Yves Mersch, a member of the ECB’s executive board, said the central bank shared the views voiced by Agustín Carstens, the head of the Bank for International Settlements, who on Monday condemned bitcoin as “a combination of a bubble, a Ponzi scheme and an environmental disaster.”
“We at the ECB are fully in line with his views and we have similar worries,” he told Bloomberg TV.
Later, when Mersch spoke at the Official Monetary and Financial Institutions Forum in London, he called for “global answers” to “safeguard the integrity of financial sector services”, adding: “Resolute ring-fencing measures might be needed.”

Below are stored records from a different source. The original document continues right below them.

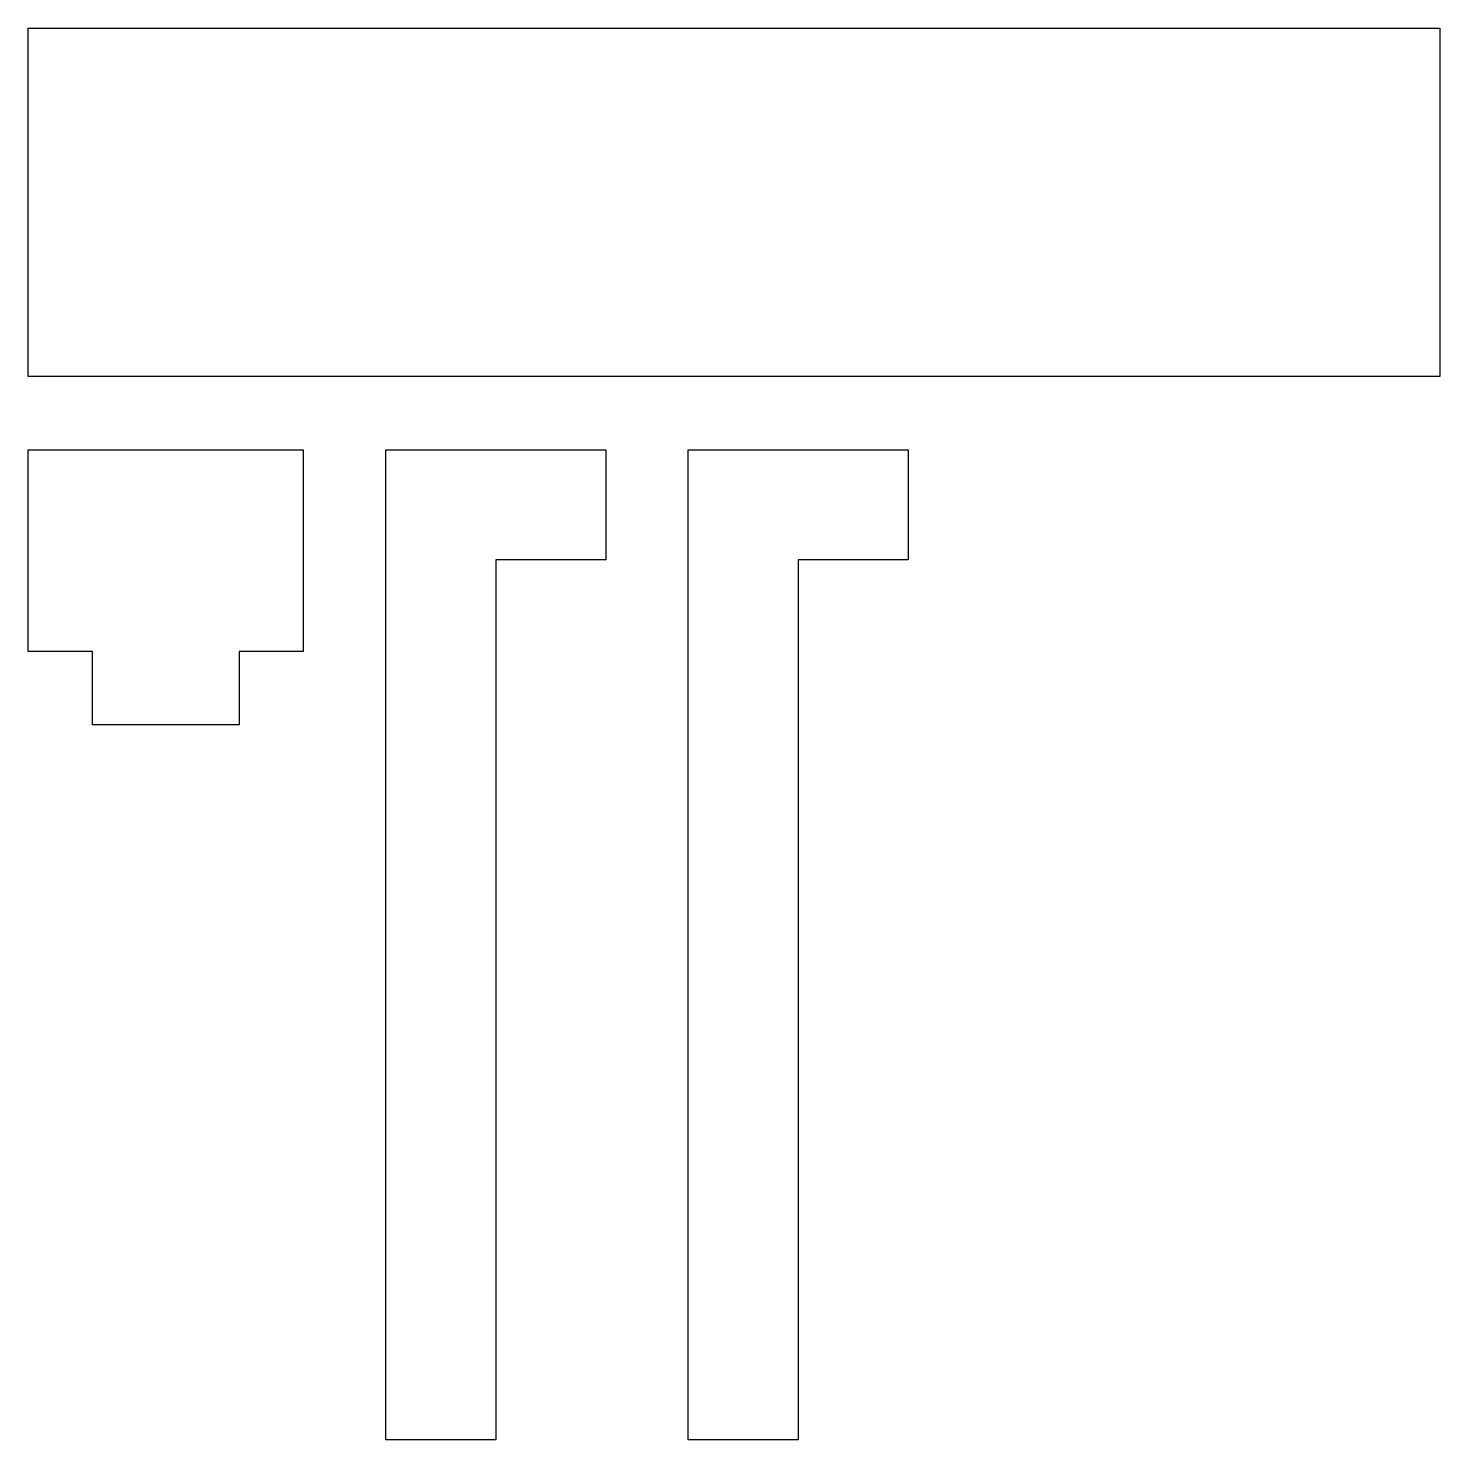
# Model space of a CAD drawing. Header units: millimetres. Extents: x 6 to 160, y -160 to -6.
import ezdxf

# ---------------------------------------------------------------- set-up
doc = ezdxf.new("R2010")
doc.units = ezdxf.units.MM
doc.layers.add('cut_outer', color=7, linetype='Continuous')

msp = doc.modelspace()

# ---------------------------------------------------------------- linework, layer by layer
at = {"layer": 'cut_outer'}
for points in [[(6, -6), (160, -6), (160, -44), (6, -44)], [(6, -52), (36, -52), (36, -74), (29, -74), (29, -82), (13, -82), (13, -74), (6, -74)], [(45, -52), (69, -52), (69, -64), (57, -64), (57, -160), (45, -160)], [(78, -52), (102, -52), (102, -64), (90, -64), (90, -160), (78, -160)]]:
    msp.add_lwpolyline(points, close=True, dxfattribs=at)

doc.saveas('drawing.dxf')

He said bitcoin was “far inferior to existing payment options” because it was slow and expensive. Bitcoin transactions can easily take several hours to process. “At these speeds, if you bought a bunch of tulips with bitcoin they may well have wilted by the time the transaction was confirmed.”
Bitcoin allows people to bypass banks and traditional payment methods to pay for goods and services. The price rose 12% to $8,498 on Thursday. It has traded wildly in recent weeks, having started the year at $13,880, with investors fretting about potential intervention by regulators.
Bitcoin surged 900% last year, making it the best-performing asset of 2017, and hit a peak of almost $20,000 before Christmas.
Goldman Sachs’ global head of investment research, Steve Strongin, also warned this week that most, if not all, of today’s digital currencies were unlikely to survive in their current form. “The high correlation between the different cryptocurrencies worries me,” he said. “Because of the lack of intrinsic value, the currencies that don’t survive will most likely trade to zero.”
He said digital coins had slow transaction times, security challenges and high maintenance costs, and added that the introduction of regulated bitcoin futures on a Chicago exchange had failed to address such concerns.
Strongin sounded more positive about the blockchain technology that underlies digital currencies, saying it could help improve financial ledgers (a complete record of financial transactions). But he also cautioned that current technology did not offer the speed required for market transactions.